■ Data extracted from a collection
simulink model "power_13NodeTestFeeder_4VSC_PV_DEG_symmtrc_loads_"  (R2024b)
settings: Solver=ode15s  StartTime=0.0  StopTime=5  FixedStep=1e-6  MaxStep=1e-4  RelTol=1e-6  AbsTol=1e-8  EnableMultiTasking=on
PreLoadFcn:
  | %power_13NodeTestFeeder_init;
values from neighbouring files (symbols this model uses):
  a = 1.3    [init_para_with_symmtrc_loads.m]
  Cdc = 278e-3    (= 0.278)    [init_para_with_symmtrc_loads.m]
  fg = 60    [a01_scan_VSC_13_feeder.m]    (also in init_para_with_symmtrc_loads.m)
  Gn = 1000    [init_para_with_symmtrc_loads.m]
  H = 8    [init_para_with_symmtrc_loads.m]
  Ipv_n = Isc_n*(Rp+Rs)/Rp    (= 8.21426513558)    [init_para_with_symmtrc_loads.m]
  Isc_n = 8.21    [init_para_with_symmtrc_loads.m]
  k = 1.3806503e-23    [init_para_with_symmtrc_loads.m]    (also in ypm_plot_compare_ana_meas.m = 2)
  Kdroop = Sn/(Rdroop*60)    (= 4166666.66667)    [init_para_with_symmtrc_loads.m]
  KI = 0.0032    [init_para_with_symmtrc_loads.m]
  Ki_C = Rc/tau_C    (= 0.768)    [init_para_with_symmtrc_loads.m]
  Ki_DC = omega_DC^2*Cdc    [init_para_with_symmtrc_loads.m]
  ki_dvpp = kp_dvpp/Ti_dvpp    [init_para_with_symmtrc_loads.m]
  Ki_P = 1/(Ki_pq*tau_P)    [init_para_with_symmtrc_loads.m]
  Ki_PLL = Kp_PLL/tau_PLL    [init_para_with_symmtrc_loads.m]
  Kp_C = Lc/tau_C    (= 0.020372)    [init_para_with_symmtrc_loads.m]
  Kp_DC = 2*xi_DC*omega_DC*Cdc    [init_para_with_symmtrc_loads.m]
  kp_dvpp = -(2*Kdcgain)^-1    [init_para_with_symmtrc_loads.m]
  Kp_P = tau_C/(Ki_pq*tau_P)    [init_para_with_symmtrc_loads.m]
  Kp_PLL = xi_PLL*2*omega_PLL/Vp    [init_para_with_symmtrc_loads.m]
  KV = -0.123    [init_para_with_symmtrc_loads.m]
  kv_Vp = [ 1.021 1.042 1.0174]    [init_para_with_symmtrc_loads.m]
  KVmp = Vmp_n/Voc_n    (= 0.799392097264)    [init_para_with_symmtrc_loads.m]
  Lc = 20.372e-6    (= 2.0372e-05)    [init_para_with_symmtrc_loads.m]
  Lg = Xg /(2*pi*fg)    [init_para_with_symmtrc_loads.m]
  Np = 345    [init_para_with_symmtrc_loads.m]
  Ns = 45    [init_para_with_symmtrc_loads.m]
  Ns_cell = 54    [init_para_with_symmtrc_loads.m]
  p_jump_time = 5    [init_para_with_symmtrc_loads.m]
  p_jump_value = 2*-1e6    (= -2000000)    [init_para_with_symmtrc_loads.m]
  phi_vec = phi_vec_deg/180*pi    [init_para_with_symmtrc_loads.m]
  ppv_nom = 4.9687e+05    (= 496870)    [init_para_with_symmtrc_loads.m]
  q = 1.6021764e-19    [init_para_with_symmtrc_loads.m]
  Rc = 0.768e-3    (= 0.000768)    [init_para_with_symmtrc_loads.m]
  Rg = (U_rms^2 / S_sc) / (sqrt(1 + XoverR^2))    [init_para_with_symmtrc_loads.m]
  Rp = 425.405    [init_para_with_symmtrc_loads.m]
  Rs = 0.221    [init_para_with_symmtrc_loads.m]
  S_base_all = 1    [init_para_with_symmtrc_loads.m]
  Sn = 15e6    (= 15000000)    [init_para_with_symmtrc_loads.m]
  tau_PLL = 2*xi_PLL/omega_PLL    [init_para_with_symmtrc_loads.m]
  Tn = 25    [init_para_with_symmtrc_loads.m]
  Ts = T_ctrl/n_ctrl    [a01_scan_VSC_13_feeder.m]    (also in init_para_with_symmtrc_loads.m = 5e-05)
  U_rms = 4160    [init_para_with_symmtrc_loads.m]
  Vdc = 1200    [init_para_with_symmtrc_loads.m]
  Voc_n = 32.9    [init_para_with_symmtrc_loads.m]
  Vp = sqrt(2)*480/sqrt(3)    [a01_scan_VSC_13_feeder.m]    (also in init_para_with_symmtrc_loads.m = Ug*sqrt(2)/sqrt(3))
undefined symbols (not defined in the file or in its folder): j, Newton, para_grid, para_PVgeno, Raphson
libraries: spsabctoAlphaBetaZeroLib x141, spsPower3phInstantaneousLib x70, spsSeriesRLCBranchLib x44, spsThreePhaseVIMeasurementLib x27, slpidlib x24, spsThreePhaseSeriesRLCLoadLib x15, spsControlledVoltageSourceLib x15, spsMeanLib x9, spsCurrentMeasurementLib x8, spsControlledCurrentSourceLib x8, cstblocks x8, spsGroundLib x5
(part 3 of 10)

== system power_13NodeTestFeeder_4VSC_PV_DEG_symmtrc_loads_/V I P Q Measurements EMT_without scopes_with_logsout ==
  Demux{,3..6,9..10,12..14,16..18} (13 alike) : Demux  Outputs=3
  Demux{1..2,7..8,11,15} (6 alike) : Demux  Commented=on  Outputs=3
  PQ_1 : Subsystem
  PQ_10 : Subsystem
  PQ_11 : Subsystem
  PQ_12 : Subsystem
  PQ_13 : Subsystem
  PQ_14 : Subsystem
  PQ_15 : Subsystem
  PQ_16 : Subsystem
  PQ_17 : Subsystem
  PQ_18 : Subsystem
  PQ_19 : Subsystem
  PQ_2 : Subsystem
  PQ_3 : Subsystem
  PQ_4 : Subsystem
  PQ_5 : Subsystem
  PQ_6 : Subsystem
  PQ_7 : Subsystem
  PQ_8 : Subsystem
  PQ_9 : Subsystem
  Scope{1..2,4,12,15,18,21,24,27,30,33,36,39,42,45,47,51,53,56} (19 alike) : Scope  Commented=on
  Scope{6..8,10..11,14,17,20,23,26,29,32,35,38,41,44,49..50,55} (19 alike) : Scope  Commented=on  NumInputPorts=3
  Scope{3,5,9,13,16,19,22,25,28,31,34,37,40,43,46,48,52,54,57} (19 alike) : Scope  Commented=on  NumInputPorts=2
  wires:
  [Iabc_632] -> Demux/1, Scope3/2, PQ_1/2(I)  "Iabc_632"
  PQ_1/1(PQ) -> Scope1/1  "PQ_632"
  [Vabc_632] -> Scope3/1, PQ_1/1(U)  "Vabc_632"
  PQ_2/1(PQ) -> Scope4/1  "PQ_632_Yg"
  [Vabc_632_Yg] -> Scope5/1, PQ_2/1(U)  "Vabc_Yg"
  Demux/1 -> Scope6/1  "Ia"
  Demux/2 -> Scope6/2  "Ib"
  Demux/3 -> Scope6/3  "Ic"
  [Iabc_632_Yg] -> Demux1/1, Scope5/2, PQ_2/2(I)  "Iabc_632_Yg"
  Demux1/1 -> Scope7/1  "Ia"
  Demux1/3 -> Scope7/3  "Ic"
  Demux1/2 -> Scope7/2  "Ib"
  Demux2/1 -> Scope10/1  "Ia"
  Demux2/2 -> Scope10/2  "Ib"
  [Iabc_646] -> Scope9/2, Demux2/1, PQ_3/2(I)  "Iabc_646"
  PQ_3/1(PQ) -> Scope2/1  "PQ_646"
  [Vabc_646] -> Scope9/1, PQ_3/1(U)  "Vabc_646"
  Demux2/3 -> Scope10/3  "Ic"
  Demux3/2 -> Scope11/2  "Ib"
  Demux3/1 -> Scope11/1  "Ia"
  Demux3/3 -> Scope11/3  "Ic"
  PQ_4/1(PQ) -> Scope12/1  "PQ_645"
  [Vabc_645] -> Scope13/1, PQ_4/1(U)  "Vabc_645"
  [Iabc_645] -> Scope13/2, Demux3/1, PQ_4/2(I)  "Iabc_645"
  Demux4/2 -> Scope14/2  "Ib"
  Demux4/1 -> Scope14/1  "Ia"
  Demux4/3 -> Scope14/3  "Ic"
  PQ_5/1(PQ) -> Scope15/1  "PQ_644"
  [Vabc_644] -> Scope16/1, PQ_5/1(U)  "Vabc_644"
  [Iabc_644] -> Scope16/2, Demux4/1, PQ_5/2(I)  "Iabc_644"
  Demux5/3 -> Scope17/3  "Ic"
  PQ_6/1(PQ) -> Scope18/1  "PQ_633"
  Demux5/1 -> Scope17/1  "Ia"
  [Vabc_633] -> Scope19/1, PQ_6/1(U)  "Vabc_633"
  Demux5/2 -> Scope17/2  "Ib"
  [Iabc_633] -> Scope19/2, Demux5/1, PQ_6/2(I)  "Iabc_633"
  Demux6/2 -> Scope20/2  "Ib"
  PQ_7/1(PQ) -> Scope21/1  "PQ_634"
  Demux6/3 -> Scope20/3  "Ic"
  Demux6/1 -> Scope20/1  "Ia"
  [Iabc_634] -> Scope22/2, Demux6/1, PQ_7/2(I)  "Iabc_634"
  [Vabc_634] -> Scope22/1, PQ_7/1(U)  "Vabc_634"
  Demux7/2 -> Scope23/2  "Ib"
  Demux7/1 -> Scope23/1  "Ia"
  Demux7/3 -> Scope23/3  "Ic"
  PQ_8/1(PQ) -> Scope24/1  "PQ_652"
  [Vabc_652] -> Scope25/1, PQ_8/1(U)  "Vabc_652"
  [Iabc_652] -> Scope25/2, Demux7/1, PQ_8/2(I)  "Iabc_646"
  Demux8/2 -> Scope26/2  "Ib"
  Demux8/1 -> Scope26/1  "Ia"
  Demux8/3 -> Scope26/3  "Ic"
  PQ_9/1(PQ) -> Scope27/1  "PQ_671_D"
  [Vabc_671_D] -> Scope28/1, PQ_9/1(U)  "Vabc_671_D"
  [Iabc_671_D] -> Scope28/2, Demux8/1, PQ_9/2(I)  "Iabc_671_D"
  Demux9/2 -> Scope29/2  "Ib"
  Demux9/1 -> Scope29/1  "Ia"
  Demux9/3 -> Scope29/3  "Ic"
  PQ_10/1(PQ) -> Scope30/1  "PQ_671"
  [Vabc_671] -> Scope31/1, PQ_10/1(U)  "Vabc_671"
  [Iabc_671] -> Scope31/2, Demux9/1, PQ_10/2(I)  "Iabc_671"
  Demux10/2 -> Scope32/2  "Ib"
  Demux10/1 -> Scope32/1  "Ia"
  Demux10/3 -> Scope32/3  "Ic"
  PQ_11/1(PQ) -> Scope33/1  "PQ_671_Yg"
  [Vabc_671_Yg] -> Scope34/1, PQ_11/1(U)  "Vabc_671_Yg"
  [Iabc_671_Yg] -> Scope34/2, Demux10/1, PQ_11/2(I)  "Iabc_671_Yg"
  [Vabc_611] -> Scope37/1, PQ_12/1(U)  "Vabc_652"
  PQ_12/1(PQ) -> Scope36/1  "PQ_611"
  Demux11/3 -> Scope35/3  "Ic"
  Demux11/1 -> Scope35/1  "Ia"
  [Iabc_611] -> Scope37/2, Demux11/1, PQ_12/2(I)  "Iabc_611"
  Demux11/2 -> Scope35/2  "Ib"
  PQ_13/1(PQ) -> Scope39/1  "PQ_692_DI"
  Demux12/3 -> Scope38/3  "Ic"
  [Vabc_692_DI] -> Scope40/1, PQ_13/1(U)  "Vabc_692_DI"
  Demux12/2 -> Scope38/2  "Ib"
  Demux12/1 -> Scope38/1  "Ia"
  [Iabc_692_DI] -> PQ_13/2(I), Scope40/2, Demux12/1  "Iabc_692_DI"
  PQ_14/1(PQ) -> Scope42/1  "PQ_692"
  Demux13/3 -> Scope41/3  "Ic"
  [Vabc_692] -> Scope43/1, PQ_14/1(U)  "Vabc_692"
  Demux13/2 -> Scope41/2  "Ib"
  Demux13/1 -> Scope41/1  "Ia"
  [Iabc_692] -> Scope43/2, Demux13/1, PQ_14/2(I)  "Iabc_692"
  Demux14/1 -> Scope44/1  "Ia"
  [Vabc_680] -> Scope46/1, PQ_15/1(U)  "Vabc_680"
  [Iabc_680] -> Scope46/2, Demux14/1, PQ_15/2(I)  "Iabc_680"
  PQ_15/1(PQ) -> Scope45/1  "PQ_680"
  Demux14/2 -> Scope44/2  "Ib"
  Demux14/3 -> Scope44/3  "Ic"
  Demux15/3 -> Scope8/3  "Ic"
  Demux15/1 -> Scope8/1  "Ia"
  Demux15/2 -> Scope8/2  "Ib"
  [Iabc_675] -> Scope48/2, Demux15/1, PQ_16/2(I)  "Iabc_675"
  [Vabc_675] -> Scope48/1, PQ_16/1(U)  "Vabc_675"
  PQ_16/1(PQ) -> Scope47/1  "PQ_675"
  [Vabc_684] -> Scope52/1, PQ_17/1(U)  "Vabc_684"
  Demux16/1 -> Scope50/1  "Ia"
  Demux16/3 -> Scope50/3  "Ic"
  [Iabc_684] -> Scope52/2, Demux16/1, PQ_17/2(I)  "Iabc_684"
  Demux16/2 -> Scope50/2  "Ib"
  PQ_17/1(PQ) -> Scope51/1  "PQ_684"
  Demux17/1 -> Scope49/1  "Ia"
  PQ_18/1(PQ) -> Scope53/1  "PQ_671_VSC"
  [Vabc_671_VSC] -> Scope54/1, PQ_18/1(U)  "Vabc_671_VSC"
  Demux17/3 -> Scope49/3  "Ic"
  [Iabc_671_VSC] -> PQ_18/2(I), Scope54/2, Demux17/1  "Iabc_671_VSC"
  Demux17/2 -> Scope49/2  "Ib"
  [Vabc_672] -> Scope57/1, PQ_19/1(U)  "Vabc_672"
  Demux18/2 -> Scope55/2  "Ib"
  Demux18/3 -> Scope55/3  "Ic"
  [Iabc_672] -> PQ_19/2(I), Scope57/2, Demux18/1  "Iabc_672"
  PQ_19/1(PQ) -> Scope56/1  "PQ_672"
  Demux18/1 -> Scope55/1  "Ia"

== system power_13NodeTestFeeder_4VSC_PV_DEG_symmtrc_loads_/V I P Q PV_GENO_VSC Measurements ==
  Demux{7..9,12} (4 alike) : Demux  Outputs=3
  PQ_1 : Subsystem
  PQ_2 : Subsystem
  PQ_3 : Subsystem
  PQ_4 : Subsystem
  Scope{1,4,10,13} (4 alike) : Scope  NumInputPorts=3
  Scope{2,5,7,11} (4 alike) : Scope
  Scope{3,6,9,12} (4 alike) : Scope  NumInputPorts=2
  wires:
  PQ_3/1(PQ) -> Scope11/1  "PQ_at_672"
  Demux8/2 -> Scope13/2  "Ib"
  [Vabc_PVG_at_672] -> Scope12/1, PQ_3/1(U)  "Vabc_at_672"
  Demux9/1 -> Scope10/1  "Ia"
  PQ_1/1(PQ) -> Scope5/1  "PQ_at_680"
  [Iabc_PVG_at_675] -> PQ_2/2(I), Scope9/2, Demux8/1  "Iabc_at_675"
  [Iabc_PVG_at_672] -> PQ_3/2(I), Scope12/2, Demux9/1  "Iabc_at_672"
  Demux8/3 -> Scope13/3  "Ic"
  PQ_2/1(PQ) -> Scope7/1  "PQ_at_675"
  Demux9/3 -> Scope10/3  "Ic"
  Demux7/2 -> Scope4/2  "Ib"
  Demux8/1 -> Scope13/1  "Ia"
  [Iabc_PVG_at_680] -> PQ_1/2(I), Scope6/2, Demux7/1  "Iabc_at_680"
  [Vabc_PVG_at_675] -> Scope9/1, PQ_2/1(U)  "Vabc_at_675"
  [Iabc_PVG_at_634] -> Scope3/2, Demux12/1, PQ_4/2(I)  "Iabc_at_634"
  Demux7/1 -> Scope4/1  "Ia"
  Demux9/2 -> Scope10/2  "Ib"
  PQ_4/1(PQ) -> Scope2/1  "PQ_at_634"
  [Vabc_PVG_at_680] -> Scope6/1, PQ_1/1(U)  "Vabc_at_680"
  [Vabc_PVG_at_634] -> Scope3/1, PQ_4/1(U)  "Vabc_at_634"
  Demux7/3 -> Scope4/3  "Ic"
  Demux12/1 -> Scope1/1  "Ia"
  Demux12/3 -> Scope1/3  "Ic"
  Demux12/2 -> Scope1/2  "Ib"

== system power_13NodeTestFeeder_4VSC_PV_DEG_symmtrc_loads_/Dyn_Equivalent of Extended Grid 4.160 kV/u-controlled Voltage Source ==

■ Task details
Retype only the lines above between the line with "Demux12/1 -> Scope38/1" and the line with "Demux16/3 -> Scope50/3", counting those two lines as well, and keep every character as it is.

■ Solution
  Demux12/1 -> Scope38/1  "Ia"
  [Iabc_692_DI] -> PQ_13/2(I), Scope40/2, Demux12/1  "Iabc_692_DI"
  PQ_14/1(PQ) -> Scope42/1  "PQ_692"
  Demux13/3 -> Scope41/3  "Ic"
  [Vabc_692] -> Scope43/1, PQ_14/1(U)  "Vabc_692"
  Demux13/2 -> Scope41/2  "Ib"
  Demux13/1 -> Scope41/1  "Ia"
  [Iabc_692] -> Scope43/2, Demux13/1, PQ_14/2(I)  "Iabc_692"
  Demux14/1 -> Scope44/1  "Ia"
  [Vabc_680] -> Scope46/1, PQ_15/1(U)  "Vabc_680"
  [Iabc_680] -> Scope46/2, Demux14/1, PQ_15/2(I)  "Iabc_680"
  PQ_15/1(PQ) -> Scope45/1  "PQ_680"
  Demux14/2 -> Scope44/2  "Ib"
  Demux14/3 -> Scope44/3  "Ic"
  Demux15/3 -> Scope8/3  "Ic"
  Demux15/1 -> Scope8/1  "Ia"
  Demux15/2 -> Scope8/2  "Ib"
  [Iabc_675] -> Scope48/2, Demux15/1, PQ_16/2(I)  "Iabc_675"
  [Vabc_675] -> Scope48/1, PQ_16/1(U)  "Vabc_675"
  PQ_16/1(PQ) -> Scope47/1  "PQ_675"
  [Vabc_684] -> Scope52/1, PQ_17/1(U)  "Vabc_684"
  Demux16/1 -> Scope50/1  "Ia"
  Demux16/3 -> Scope50/3  "Ic"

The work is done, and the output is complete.